Gonzi has already surmised that local issues were an important factor in keeping some Nationalists away from the polls, and that the contentious projects for the locality of Sliema which he considers essential to Malta’s development, might have affected the turnout or how people voted.

Green grassroots
But it’s also the absence of national rallying cries such as the European Union had been, that is also placing local issues affecting people in their everyday life high up on the national agenda. And waking up to find your tranquil neighbourhood transformed into another Paceville, could be a much worse nightmare for a disgruntled Qui-Si-Sana voter than having Alfred Sant in power: the PM’s own persistence in describing a shopping mall at Qui-Si-Sana as an essential project, seems to be only adding fuel to the fire in a stronghold where Alternattiva Demokratika has established itself in the political landscape.
Yet despite the disgruntlement with the PN, these elections were not the definitive breakthrough for AD, which made inroads in localities where its candidates outshine the other parties through their principled stand against development. With its opposition to car park projects and tourist over-development in rural areas part of its DNA, nobody can attack the greens of opportunism.
But where the hottest local issues revolve around skips, wardens and pavements, AD is irrelevant to voters. On this occasion AD had the task of defending three seats: it passed the litmus test in Sliema with Michael Briguglio confirmed on the first count with 10 per cent of the vote, but incumbents in Birkirkara and Lija did not even stand for re-election.

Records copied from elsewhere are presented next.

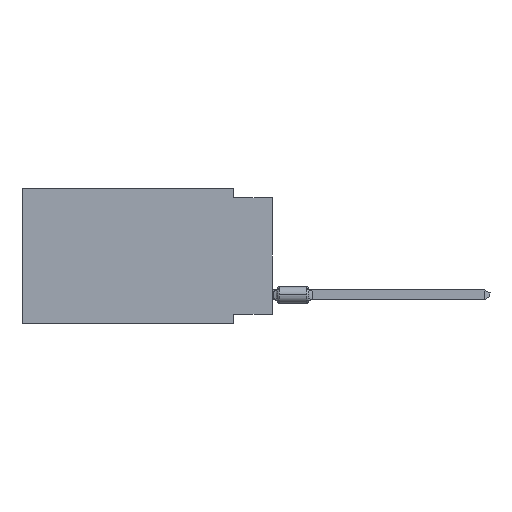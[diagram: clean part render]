
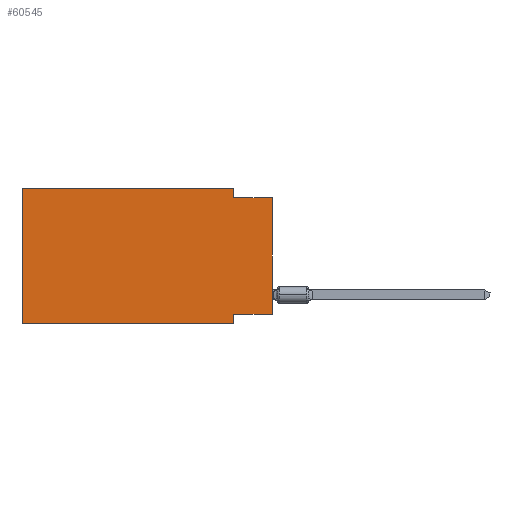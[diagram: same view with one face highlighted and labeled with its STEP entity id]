
A CAD part, left-side view. The second image highlights one B-rep face of the part: STEP entity #60545.
In plain terms, the highlighted planar face has unit normal (-1, 0, 0).
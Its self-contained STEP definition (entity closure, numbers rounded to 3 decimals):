
#267 = VECTOR ( 'NONE', #59054, 1000. ) ;
#915 = LINE ( 'NONE', #15806, #51517 ) ;
#3746 = EDGE_LOOP ( 'NONE', ( #67519, #64943, #91295, #44392, #50188, #68200, #76553, #97045 ) ) ;
#4448 = CARTESIAN_POINT ( 'NONE',  ( 0., 2.54, 0. ) ) ;
#5850 = VERTEX_POINT ( 'NONE', #14251 ) ;
#6403 = DIRECTION ( 'NONE',  ( 0., 0., -1. ) ) ;
#6482 = EDGE_CURVE ( 'NONE', #5850, #54229, #47345, .T. ) ;
#7448 = CARTESIAN_POINT ( 'NONE',  ( 0., 2.54, 0. ) ) ;
#9815 = DIRECTION ( 'NONE',  ( 0., 0., 1. ) ) ;
#9826 = CARTESIAN_POINT ( 'NONE',  ( 0., 16.383, 0. ) ) ;
#11325 = VERTEX_POINT ( 'NONE', #7448 ) ;
#13949 = CARTESIAN_POINT ( 'NONE',  ( 0., 0., -8.255 ) ) ;
#14032 = DIRECTION ( 'NONE',  ( 0., 0., -1. ) ) ;
#14251 = CARTESIAN_POINT ( 'NONE',  ( 0., 2.54, -0.635 ) ) ;
#15806 = CARTESIAN_POINT ( 'NONE',  ( 0., 0., 0. ) ) ;
#16623 = EDGE_CURVE ( 'NONE', #91618, #69652, #89291, .T. ) ;
#17234 = VERTEX_POINT ( 'NONE', #67333 ) ;
#18415 = AXIS2_PLACEMENT_3D ( 'NONE', #91243, #32185, #31694 ) ;
#21858 = EDGE_CURVE ( 'NONE', #69652, #17234, #76511, .T. ) ;
#31212 = PLANE ( 'NONE',  #18415 ) ;
#31694 = DIRECTION ( 'NONE',  ( 0., 0., -1. ) ) ;
#32185 = DIRECTION ( 'NONE',  ( 1., 0., 0. ) ) ;
#32953 = CARTESIAN_POINT ( 'NONE',  ( 0., 0., -0.635 ) ) ;
#36208 = CARTESIAN_POINT ( 'NONE',  ( 0., 0., -8.255 ) ) ;
#40869 = DIRECTION ( 'NONE',  ( 0., -1., 0. ) ) ;
#42590 = EDGE_CURVE ( 'NONE', #11325, #5850, #43646, .T. ) ;
#43646 = LINE ( 'NONE', #4448, #66858 ) ;
#44169 = EDGE_CURVE ( 'NONE', #52118, #17234, #79730, .T. ) ;
#44392 = ORIENTED_EDGE ( 'NONE', *, *, #56628, .F. ) ;
#47345 = LINE ( 'NONE', #32953, #80151 ) ;
#50188 = ORIENTED_EDGE ( 'NONE', *, *, #94363, .F. ) ;
#51517 = VECTOR ( 'NONE', #9815, 1000. ) ;
#52118 = VERTEX_POINT ( 'NONE', #65953 ) ;
#54229 = VERTEX_POINT ( 'NONE', #90475 ) ;
#55898 = CARTESIAN_POINT ( 'NONE',  ( 0., 16.383, 0. ) ) ;
#55930 = CARTESIAN_POINT ( 'NONE',  ( 0., 16.383, -8.89 ) ) ;
#56628 = EDGE_CURVE ( 'NONE', #90038, #11325, #71789, .T. ) ;
#57879 = VECTOR ( 'NONE', #14032, 1000. ) ;
#59054 = DIRECTION ( 'NONE',  ( 0., 1., 0. ) ) ;
#59445 = EDGE_CURVE ( 'NONE', #91618, #54229, #915, .T. ) ;
#60545 = ADVANCED_FACE ( 'NONE', ( #77343 ), #31212, .F. ) ;
#62422 = DIRECTION ( 'NONE',  ( 0., -1., 0. ) ) ;
#62952 = CARTESIAN_POINT ( 'NONE',  ( 0., 2.54, -8.255 ) ) ;
#64329 = LINE ( 'NONE', #55898, #85494 ) ;
#64362 = CARTESIAN_POINT ( 'NONE',  ( 0., 16.383, 0. ) ) ;
#64943 = ORIENTED_EDGE ( 'NONE', *, *, #6482, .F. ) ;
#65953 = CARTESIAN_POINT ( 'NONE',  ( 0., 16.383, -8.89 ) ) ;
#66858 = VECTOR ( 'NONE', #6403, 1000. ) ;
#67333 = CARTESIAN_POINT ( 'NONE',  ( 0., 2.54, -8.89 ) ) ;
#67519 = ORIENTED_EDGE ( 'NONE', *, *, #59445, .T. ) ;
#68200 = ORIENTED_EDGE ( 'NONE', *, *, #44169, .T. ) ;
#69652 = VERTEX_POINT ( 'NONE', #62952 ) ;
#71789 = LINE ( 'NONE', #64362, #78030 ) ;
#76511 = LINE ( 'NONE', #97869, #57879 ) ;
#76553 = ORIENTED_EDGE ( 'NONE', *, *, #21858, .F. ) ;
#77343 = FACE_OUTER_BOUND ( 'NONE', #3746, .T. ) ;
#78030 = VECTOR ( 'NONE', #62422, 1000. ) ;
#79730 = LINE ( 'NONE', #55930, #89538 ) ;
#80151 = VECTOR ( 'NONE', #40869, 1000. ) ;
#85494 = VECTOR ( 'NONE', #86163, 1000. ) ;
#86163 = DIRECTION ( 'NONE',  ( 0., 0., 1. ) ) ;
#89291 = LINE ( 'NONE', #36208, #267 ) ;
#89538 = VECTOR ( 'NONE', #95585, 1000. ) ;
#90038 = VERTEX_POINT ( 'NONE', #9826 ) ;
#90475 = CARTESIAN_POINT ( 'NONE',  ( 0., 0., -0.635 ) ) ;
#91243 = CARTESIAN_POINT ( 'NONE',  ( 0., 16.383, 0. ) ) ;
#91295 = ORIENTED_EDGE ( 'NONE', *, *, #42590, .F. ) ;
#91618 = VERTEX_POINT ( 'NONE', #13949 ) ;
#94363 = EDGE_CURVE ( 'NONE', #52118, #90038, #64329, .T. ) ;
#95585 = DIRECTION ( 'NONE',  ( 0., -1., 0. ) ) ;
#97045 = ORIENTED_EDGE ( 'NONE', *, *, #16623, .F. ) ;
#97869 = CARTESIAN_POINT ( 'NONE',  ( 0., 2.54, -8.89 ) ) ;

In Birkirkara, where AD has elected a candidate every time it contested the locality, it failed to elect its new candidate in a 13-strong council which makes the election of candidates easier than in smaller councils.
In Lija, where AD fielded its spokesperson for finances Edward Fenech as a last minute replacement for incumbent James Camilleri, the Green vote contracted by 5 per cent.
But AD has also made a historic breakthrough in Gozo, where its strong 11 per cent showing in Sannat was unthinkable a few years ago when the Greens were accused of wanting to stultify “progress”.
Growing concern for the environment after decades of over-development has now created a groundswell of opposition to projects like the Ta’ Cenc villa complex. Led by Victor Galea, the Gozitan Greens outshine their Maltese counterparts in grassroots activism.

Countdown to 2008
The clear winner in these elections are Labour, with a victory crowned by its success in Rabat where voters gave more importance to parliamentary secretary Tony Abela’s past association with Indri Zammit, an alleged drug smuggler, than to the leaking of tar and soil in Saint Paul’s grotto.
Paul Abela, the parliamentary secretary’s brother, was the greatest casualty of the MLP’s campaign, seeing his vote shrink from 904 in 2003 to 412 last week. But the greatest risk for the MLP is that of falling into the trap of over-confidence. A victory against an elusive enemy who fought aggressively, only to contain losses in some localities like Rabat and Sliema, could prove to be a pyrrhic one.
The Prime Minister is already hinting at a “redistribution of wealth” after the past three years in the wilderness. A tax reform is expected in the next budget. A quick and aggressive electoral campaign after a redistributive budget would be an entirely different contest.